A key part of the government’s long-awaited proposals on corporate governance has been criticised as “watered down” and “a box-ticking exercise”.
As part of her leadership campaign, Theresa May pledged to have both consumers and workers represented in the boardroom and she announced a green paper on corporate governance shortly after becoming prime minister.
Today, the Department for Business, Energy and Industrial Strategy (BEIS) revealed it would be introducing a slew of measures in the coming months to strengthen corporate governance. These include legislation requiring listed companies to publish and justify pay ratios between their chief executives and their staff; a name-and-shame public register of companies that faced significant shareholder opposition to executive pay packages; and proposals to make sure employee voice is taken into account in the boardroom.
“One of Britain’s biggest assets in competing in the global economy is our deserved reputation for being a dependable and confident place in which to do business,” said business secretary Greg Clark. “Our legal system, our framework of company law and our standards of corporate governance have long been admired around the world. We have maintained such a reputation by keeping our corporate governance framework under review. Today’s reforms will build on our strong reputation and ensure our largest companies are more transparent and accountable to their employees and shareholders.”
However, Frances O'Grady, general secretary of the TUC, branded the announcement “a feeble proposal, spelling ‘business as usual’ for board rooms across Britain”.
“The prime minister’s pledge to put workers on company boards has been watered down beyond all recognition,” O’Grady added. “This now amounts to little more than a box-ticking exercise.”
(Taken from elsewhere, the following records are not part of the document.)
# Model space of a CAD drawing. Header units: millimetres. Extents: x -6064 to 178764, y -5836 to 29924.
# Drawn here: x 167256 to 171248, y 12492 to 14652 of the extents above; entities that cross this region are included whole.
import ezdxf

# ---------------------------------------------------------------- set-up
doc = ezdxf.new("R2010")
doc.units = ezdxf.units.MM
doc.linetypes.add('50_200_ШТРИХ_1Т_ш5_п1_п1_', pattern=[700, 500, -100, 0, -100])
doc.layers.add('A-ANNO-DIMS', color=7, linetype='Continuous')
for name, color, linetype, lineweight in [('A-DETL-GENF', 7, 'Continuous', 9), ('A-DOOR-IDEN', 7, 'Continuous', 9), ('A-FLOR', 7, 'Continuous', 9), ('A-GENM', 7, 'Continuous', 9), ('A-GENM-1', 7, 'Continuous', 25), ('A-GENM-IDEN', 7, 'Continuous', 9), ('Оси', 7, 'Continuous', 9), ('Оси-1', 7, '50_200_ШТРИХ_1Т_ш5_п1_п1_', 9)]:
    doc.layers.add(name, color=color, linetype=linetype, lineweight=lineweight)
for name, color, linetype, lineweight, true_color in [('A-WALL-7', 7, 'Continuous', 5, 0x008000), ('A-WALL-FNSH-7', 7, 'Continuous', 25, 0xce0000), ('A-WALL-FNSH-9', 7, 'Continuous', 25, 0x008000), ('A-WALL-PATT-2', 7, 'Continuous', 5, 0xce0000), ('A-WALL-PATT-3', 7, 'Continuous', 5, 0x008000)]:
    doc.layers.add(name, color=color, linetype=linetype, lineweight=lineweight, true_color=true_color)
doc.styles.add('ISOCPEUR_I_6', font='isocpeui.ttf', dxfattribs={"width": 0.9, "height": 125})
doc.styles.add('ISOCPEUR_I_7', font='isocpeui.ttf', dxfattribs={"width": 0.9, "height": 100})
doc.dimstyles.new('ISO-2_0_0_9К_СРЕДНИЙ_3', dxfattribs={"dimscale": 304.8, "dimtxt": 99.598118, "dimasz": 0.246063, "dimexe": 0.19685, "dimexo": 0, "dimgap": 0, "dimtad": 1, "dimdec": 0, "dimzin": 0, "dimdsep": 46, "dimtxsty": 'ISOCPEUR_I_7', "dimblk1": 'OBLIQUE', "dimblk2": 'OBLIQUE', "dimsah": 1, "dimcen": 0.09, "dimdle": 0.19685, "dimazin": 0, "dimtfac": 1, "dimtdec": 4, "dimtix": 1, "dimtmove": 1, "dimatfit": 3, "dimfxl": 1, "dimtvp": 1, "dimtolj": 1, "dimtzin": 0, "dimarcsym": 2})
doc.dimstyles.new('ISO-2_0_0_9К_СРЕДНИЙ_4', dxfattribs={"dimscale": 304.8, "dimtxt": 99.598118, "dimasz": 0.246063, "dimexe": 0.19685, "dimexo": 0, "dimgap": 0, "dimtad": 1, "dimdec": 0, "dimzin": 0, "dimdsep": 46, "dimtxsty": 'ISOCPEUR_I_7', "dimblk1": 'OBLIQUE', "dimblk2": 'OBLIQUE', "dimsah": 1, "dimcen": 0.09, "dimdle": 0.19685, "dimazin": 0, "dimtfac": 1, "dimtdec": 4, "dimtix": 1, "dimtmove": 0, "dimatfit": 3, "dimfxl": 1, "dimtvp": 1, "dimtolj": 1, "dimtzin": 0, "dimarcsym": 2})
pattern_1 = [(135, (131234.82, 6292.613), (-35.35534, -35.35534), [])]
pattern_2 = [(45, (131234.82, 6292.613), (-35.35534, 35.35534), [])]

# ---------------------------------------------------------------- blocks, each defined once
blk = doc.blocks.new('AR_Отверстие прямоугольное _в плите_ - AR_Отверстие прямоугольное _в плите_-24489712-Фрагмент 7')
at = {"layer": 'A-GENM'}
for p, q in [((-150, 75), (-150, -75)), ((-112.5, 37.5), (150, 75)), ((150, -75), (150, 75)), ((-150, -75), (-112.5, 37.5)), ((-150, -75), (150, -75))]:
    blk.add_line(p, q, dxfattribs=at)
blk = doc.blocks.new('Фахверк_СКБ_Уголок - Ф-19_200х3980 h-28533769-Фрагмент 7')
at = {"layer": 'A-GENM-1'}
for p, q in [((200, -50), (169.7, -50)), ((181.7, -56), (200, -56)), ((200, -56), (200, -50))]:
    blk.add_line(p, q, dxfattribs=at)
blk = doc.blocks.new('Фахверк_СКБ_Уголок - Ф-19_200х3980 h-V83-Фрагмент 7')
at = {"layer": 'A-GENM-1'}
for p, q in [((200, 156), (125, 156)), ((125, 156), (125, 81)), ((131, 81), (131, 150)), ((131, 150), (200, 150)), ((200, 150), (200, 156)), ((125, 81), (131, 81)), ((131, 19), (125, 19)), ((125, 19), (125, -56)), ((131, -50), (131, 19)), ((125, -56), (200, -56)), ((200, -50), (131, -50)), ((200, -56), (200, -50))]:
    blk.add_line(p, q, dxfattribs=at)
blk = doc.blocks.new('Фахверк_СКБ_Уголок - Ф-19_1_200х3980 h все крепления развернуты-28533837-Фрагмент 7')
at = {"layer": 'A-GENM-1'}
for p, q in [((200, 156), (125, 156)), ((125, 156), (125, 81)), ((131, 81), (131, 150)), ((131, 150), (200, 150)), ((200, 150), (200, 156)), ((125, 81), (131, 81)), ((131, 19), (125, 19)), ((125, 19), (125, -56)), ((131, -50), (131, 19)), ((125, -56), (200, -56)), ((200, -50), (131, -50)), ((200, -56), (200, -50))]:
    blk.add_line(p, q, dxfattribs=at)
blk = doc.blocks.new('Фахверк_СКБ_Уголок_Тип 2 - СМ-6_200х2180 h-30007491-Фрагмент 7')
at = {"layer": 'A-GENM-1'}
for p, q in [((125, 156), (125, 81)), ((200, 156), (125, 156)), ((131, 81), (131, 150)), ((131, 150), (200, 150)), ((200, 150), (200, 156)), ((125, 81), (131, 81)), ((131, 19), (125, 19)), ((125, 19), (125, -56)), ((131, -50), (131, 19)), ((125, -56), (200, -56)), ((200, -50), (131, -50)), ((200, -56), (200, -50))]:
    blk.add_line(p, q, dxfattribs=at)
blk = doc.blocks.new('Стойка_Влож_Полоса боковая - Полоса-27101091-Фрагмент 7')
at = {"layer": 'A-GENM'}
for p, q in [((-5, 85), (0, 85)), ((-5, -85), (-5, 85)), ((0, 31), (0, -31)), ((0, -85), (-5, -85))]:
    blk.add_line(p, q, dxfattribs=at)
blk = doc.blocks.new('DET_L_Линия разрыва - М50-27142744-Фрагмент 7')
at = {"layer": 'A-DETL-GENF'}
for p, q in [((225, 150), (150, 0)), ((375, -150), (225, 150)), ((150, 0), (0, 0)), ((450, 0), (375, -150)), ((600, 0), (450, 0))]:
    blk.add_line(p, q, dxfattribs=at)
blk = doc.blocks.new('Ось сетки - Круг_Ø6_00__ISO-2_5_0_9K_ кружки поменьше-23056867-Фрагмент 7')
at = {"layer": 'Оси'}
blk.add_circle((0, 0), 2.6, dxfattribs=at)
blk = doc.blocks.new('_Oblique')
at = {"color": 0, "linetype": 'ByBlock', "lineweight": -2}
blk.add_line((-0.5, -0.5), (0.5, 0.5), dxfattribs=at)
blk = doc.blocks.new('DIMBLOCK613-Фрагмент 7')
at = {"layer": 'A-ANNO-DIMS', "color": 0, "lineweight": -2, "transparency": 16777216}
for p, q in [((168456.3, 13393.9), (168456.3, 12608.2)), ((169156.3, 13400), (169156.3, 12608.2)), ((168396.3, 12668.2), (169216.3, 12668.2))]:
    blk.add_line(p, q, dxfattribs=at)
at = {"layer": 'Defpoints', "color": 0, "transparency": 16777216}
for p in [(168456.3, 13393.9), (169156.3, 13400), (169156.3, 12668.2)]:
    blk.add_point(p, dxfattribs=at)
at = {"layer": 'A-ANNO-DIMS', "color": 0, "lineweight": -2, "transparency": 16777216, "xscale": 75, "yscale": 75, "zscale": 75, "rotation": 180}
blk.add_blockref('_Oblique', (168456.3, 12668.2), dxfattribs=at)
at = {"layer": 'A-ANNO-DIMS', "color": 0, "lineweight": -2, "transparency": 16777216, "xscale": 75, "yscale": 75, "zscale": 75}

Meanwhile, Mathew Lawrence, senior research fellow at the Institute for Public Policy Research (IPPR), said: “It is good that the government has finally woken up to the need to reform the way British companies are run. But tinkering at the edges is not enough. If we want to build – as the prime minister says – a fairer and more productive economy, we need to reform the basic model in which companies are accountable entirely to their shareholders.”
May had already shown signs of backtracking on her pledge to put workers on boards when she spoke at the Confederation of British Industry (CBI) conference last November, stating the upcoming reforms were “not about mandating works councils, or the direct appointment of workers or trade union representatives on boards”.
Clark will shortly approach the Financial Reporting Council (FRC), which is responsible for setting the UK Corporate Governance Code, about introducing a new requirement into the code to make sure employees’ interests are represented at board level. Under this, companies will need to assign a non-executive director to represent employees, create an employee advisory council, or nominate a director from their workforce.
The FRC plans to consult on these changes to the code later this year and publish its revisions in mid-2018.
“There is no magic bullet to creating meaningful employee voice but the options put forward by government are broadly positive and should encourage greater awareness and discussion of workforce matters at board level,” said Ben Willmott, head of public policy for the CIPD.
A report published earlier this month by the High Pay Centre and the CIPD discovered the average pay ratio between FTSE 100 chief executives and their workers was 129:1 in the 2016 financial year, meaning workers would have to toil away for 129 years to earn the same as their boss does in 12 months.
Shareholders have recently revolted over executive pay at a number of household names. In May, six out of ten investors shot down the £1.5m pay packet publisher Pearson proposed paying chief executive John Fallon after a loss-making year, while two-fifths of shareholders at pharmaceutical group AstraZeneca gave the thumbs down to chief executive Pascal Soriot’s £13m pay in April.